Stored data entries:
+++++
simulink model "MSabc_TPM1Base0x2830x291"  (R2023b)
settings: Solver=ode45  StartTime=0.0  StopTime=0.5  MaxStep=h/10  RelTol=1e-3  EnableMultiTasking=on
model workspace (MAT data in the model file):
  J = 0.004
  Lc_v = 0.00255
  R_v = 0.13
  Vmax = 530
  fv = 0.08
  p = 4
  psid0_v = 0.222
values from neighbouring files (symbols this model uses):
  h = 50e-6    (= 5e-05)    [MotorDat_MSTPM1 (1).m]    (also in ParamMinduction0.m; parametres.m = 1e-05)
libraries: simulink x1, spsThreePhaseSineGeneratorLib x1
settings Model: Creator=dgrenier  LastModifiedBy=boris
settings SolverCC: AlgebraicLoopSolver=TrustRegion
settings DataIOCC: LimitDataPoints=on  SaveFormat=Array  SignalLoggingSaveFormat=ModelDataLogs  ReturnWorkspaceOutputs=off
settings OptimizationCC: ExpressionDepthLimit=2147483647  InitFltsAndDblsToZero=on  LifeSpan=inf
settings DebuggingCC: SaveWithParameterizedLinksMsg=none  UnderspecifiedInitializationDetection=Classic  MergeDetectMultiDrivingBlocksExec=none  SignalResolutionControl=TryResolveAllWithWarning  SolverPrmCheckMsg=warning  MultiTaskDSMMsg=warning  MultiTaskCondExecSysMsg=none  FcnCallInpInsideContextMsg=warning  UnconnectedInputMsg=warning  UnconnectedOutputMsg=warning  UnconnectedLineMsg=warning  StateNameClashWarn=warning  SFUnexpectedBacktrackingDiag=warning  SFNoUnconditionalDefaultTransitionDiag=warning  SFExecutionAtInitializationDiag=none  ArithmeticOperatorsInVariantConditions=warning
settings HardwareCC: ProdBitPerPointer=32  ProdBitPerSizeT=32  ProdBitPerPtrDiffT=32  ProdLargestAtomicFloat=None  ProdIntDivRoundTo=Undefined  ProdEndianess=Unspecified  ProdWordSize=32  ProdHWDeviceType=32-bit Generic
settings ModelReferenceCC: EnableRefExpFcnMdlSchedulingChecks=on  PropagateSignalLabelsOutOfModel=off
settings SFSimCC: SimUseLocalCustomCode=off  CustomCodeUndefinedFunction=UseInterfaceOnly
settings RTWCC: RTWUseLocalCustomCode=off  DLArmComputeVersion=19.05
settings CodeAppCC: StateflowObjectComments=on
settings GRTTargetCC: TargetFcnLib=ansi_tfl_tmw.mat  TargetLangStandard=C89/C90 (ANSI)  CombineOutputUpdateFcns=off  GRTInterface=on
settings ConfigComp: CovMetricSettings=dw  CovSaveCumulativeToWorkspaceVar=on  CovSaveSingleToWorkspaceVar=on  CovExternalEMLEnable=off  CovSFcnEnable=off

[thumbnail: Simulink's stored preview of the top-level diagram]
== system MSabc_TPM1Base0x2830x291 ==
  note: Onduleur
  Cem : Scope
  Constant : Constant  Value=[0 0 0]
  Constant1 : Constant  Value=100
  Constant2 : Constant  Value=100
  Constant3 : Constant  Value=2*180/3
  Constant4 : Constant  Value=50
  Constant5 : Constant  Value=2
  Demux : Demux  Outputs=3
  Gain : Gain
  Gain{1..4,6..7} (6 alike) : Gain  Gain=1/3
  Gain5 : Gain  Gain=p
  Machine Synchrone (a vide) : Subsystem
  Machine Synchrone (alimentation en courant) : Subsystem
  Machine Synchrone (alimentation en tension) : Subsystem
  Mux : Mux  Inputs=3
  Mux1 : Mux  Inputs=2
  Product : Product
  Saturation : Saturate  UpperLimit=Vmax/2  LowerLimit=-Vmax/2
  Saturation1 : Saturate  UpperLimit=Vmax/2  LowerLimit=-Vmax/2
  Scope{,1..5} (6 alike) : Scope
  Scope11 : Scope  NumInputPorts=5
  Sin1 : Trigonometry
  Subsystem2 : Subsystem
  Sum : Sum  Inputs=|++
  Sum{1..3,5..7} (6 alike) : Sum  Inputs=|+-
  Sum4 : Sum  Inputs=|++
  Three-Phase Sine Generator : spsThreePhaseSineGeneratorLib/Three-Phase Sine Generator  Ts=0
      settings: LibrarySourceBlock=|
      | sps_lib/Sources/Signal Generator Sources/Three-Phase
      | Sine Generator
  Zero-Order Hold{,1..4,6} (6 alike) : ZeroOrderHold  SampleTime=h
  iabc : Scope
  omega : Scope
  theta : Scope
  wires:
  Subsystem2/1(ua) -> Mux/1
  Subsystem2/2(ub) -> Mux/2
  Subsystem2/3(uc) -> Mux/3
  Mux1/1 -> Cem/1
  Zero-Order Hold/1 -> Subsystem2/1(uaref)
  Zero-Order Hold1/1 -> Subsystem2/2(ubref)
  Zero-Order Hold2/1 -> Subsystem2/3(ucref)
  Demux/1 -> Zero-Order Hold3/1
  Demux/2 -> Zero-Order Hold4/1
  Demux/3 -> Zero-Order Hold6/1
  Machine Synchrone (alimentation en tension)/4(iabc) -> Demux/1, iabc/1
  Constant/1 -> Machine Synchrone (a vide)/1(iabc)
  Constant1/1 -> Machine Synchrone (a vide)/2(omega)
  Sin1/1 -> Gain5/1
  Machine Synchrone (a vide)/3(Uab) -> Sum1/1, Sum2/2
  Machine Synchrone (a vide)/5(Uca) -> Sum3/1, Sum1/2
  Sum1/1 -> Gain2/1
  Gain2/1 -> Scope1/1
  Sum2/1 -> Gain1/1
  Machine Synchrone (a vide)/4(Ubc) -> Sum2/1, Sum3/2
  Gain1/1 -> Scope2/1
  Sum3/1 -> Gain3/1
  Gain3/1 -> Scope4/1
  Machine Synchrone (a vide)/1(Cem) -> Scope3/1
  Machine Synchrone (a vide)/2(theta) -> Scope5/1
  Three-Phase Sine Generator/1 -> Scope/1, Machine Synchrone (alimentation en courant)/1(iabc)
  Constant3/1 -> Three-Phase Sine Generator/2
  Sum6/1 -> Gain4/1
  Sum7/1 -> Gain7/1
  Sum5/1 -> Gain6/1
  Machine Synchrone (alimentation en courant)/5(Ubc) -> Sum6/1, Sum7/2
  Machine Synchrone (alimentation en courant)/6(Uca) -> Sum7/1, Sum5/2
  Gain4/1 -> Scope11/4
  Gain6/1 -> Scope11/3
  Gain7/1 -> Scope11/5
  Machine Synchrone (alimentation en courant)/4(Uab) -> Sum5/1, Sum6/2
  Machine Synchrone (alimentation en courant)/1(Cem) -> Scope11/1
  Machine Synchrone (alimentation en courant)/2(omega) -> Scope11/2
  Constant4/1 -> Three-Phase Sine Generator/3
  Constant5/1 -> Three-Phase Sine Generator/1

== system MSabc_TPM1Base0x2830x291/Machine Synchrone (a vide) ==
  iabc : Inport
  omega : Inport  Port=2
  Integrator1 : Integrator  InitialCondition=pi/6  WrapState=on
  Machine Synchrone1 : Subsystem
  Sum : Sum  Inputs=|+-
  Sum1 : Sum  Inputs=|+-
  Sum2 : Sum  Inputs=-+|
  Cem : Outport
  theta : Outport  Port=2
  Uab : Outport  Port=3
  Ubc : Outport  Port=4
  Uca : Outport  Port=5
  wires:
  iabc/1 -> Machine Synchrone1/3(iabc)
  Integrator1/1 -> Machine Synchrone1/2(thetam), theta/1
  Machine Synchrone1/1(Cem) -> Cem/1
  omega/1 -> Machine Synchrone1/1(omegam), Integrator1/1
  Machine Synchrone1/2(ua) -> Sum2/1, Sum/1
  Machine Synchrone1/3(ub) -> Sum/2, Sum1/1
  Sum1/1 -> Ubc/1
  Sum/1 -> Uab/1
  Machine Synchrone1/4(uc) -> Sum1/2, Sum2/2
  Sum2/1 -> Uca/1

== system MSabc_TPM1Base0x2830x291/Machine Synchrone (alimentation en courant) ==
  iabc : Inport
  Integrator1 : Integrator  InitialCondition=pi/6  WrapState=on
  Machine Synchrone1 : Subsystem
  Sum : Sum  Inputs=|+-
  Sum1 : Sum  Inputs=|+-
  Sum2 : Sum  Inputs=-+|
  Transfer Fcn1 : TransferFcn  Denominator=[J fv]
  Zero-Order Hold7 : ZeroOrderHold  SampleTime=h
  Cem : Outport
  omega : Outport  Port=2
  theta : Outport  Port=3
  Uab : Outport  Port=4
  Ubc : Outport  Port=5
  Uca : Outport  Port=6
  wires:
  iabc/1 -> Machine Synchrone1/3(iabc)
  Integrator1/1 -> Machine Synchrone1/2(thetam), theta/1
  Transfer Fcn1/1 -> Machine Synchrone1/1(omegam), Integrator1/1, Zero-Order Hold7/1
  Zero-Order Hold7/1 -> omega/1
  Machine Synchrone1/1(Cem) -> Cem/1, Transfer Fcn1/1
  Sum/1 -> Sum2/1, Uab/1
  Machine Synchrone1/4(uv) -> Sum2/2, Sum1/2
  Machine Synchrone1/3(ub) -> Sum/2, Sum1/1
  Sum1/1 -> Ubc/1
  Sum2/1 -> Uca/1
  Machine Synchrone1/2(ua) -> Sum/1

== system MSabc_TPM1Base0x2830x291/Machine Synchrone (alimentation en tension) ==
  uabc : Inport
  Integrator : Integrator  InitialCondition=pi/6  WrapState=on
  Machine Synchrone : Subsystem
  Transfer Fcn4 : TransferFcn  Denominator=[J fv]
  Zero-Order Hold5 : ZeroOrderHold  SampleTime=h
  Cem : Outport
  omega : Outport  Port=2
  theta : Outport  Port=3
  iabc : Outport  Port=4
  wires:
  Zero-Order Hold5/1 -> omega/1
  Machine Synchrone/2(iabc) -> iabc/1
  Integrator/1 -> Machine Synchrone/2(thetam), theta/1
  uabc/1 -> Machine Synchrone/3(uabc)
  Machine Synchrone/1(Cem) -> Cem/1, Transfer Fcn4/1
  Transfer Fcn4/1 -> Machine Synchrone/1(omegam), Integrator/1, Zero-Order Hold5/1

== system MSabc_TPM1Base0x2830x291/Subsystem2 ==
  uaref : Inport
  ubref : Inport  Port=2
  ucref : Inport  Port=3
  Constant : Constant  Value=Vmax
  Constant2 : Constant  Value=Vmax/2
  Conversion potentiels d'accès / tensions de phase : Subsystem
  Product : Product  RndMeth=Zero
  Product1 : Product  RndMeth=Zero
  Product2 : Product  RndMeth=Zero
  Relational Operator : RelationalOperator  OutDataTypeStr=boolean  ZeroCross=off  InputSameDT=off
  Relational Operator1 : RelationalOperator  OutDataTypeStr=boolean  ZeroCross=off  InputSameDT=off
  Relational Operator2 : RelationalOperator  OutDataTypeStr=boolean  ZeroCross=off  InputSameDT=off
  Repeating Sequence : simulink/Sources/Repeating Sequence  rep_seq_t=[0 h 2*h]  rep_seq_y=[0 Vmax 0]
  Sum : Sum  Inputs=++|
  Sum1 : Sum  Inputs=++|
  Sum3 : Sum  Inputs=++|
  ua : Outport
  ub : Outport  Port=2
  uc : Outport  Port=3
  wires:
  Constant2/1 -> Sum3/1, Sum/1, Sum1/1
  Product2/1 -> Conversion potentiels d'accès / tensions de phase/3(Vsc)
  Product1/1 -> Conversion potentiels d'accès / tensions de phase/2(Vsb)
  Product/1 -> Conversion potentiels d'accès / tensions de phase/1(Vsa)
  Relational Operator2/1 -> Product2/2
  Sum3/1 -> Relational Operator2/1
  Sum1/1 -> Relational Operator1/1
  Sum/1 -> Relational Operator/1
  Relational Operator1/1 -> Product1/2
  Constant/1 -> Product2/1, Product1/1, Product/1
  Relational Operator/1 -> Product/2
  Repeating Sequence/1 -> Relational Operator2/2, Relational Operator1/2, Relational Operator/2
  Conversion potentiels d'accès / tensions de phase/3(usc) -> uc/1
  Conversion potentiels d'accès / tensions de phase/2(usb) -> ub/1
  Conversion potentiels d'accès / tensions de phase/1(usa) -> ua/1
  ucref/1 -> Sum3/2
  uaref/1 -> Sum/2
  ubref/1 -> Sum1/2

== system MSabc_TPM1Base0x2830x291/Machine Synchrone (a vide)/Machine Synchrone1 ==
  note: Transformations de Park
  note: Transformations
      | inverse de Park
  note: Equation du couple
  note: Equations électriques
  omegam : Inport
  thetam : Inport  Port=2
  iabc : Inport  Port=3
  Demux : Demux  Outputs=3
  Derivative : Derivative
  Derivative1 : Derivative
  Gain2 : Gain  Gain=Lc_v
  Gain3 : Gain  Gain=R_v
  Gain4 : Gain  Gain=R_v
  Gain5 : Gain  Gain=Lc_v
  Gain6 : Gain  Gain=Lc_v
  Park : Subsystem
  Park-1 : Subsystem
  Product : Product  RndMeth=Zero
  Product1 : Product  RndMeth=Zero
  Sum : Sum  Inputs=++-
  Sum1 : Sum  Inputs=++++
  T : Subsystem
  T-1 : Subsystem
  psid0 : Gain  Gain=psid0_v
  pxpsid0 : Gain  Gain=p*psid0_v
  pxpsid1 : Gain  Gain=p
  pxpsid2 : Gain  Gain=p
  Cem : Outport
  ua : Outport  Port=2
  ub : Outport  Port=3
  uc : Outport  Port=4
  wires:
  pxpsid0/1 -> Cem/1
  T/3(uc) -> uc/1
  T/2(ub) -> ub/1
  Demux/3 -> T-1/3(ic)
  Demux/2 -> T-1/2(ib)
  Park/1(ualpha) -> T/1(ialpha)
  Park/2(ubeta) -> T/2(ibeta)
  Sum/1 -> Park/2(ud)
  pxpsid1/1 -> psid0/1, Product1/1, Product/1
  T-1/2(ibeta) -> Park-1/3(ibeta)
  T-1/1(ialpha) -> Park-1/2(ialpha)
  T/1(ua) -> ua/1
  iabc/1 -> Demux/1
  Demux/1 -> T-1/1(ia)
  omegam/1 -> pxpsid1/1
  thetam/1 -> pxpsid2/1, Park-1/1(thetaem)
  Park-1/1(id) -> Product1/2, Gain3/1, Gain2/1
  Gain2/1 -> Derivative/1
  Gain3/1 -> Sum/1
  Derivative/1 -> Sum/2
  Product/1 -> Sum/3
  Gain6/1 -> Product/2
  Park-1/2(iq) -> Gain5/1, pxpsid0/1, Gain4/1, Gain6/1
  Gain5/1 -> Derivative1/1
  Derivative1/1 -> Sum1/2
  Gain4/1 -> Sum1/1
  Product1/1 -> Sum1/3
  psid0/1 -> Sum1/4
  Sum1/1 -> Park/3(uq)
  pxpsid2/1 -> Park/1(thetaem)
+++++
TASK STATEMENT -
Nothing should be returned except the lines from the first line of the data above through the line with "settings HardwareCC: ProdBitPerPointer=32", each one exact.

ANSWER SECTION -
simulink model "MSabc_TPM1Base0x2830x291"  (R2023b)
settings: Solver=ode45  StartTime=0.0  StopTime=0.5  MaxStep=h/10  RelTol=1e-3  EnableMultiTasking=on
model workspace (MAT data in the model file):
  J = 0.004
  Lc_v = 0.00255
  R_v = 0.13
  Vmax = 530
  fv = 0.08
  p = 4
  psid0_v = 0.222
values from neighbouring files (symbols this model uses):
  h = 50e-6    (= 5e-05)    [MotorDat_MSTPM1 (1).m]    (also in ParamMinduction0.m; parametres.m = 1e-05)
libraries: simulink x1, spsThreePhaseSineGeneratorLib x1
settings Model: Creator=dgrenier  LastModifiedBy=boris
settings SolverCC: AlgebraicLoopSolver=TrustRegion
settings DataIOCC: LimitDataPoints=on  SaveFormat=Array  SignalLoggingSaveFormat=ModelDataLogs  ReturnWorkspaceOutputs=off
settings OptimizationCC: ExpressionDepthLimit=2147483647  InitFltsAndDblsToZero=on  LifeSpan=inf
settings DebuggingCC: SaveWithParameterizedLinksMsg=none  UnderspecifiedInitializationDetection=Classic  MergeDetectMultiDrivingBlocksExec=none  SignalResolutionControl=TryResolveAllWithWarning  SolverPrmCheckMsg=warning  MultiTaskDSMMsg=warning  MultiTaskCondExecSysMsg=none  FcnCallInpInsideContextMsg=warning  UnconnectedInputMsg=warning  UnconnectedOutputMsg=warning  UnconnectedLineMsg=warning  StateNameClashWarn=warning  SFUnexpectedBacktrackingDiag=warning  SFNoUnconditionalDefaultTransitionDiag=warning  SFExecutionAtInitializationDiag=none  ArithmeticOperatorsInVariantConditions=warning
settings HardwareCC: ProdBitPerPointer=32  ProdBitPerSizeT=32  ProdBitPerPtrDiffT=32  ProdLargestAtomicFloat=None  ProdIntDivRoundTo=Undefined  ProdEndianess=Unspecified  ProdWordSize=32  ProdHWDeviceType=32-bit Generic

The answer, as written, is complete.